Code Auditing via Continuous Integration: Overview
Posted by Andrei Komolov on July 23, 2009 03:29 pm under Agile Development Edit
- Code Auditing via Continuous Integration: Overview
- Code Auditing via Continuous Integration: Components
This is a series of postings on Continuous Integration (CI). However, I don’t intend to repeat or rephrase Martin Fowler’s excellent general explanation of CI. Instead, I do want to reflect on the specific experience with CI we have had at Exadel and to highlight a few important ideas that might get lost behind all of the implementation details.
So, why bother with CI? From a manager’s perspective, it is important to ensure that no time is wasted on non-productive tasks, that high-quality software is delivered to the client, and that errors are isolated and fixed early in the process—a predictable development process with a predictable deliverable. From a developer’s perspective, it is important to spend time on meaningful creative tasks and to catch and fix an error once, without fear of breaking another piece of the code. In fact, you know better then me why you (if you are a developer) should love CI!
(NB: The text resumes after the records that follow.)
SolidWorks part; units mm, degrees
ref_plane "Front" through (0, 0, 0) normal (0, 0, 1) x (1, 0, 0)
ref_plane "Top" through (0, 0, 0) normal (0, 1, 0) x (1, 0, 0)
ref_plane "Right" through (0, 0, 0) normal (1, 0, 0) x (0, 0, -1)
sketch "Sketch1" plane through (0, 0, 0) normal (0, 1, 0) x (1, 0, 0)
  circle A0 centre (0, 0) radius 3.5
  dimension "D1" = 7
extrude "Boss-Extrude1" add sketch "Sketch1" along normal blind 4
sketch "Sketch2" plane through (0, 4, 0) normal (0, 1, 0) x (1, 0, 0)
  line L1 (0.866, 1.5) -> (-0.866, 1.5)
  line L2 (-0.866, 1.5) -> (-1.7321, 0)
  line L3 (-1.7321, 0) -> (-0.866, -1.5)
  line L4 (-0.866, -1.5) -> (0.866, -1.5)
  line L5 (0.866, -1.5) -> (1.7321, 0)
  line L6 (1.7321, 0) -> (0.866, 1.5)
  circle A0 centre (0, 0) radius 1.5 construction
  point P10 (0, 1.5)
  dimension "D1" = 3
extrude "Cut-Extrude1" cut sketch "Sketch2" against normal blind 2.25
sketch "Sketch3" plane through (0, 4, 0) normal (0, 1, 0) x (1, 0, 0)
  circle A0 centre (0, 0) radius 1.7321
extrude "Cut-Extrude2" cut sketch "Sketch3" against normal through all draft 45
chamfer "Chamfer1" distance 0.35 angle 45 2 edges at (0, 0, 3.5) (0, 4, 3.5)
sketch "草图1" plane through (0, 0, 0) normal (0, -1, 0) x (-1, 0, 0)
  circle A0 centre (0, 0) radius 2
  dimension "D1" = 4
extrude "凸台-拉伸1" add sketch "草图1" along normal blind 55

Here are a few examples to illustrate why CI is important:
- Without CI, developers, working on a globally distributed development team, might lose a half day cleaning up somebody else’s code, because their colleagues forgot to commit a few files into SVN.
- It takes the efforts of QCs, release engineers, end users, and, of course, developers to fix, test, and release a patch for a NullPointer that was caught in a production environment. On the other hand, it takes 5 min of development time to fix a NullPointer violation reported by a program like PMD.
So, how can it be done? The central idea of CI is to have a non-stop (continuous) audit (integration) of the source code. Audit implies that it should be done by an independent, unbiased party. Hence, the following components should be present in a CI environment:
- Auditor (a build server)
- Subject of audit (source code, stored in a Version Control system)
- Audit guidelines (static code review tools, checkstyle, automated tests, code coverage)
- Audit process (a build script)
- Audit reports (results of the build script execution)
For all of these components, special attention must be paid to security. Only authorized users should have access to build reports and artifacts.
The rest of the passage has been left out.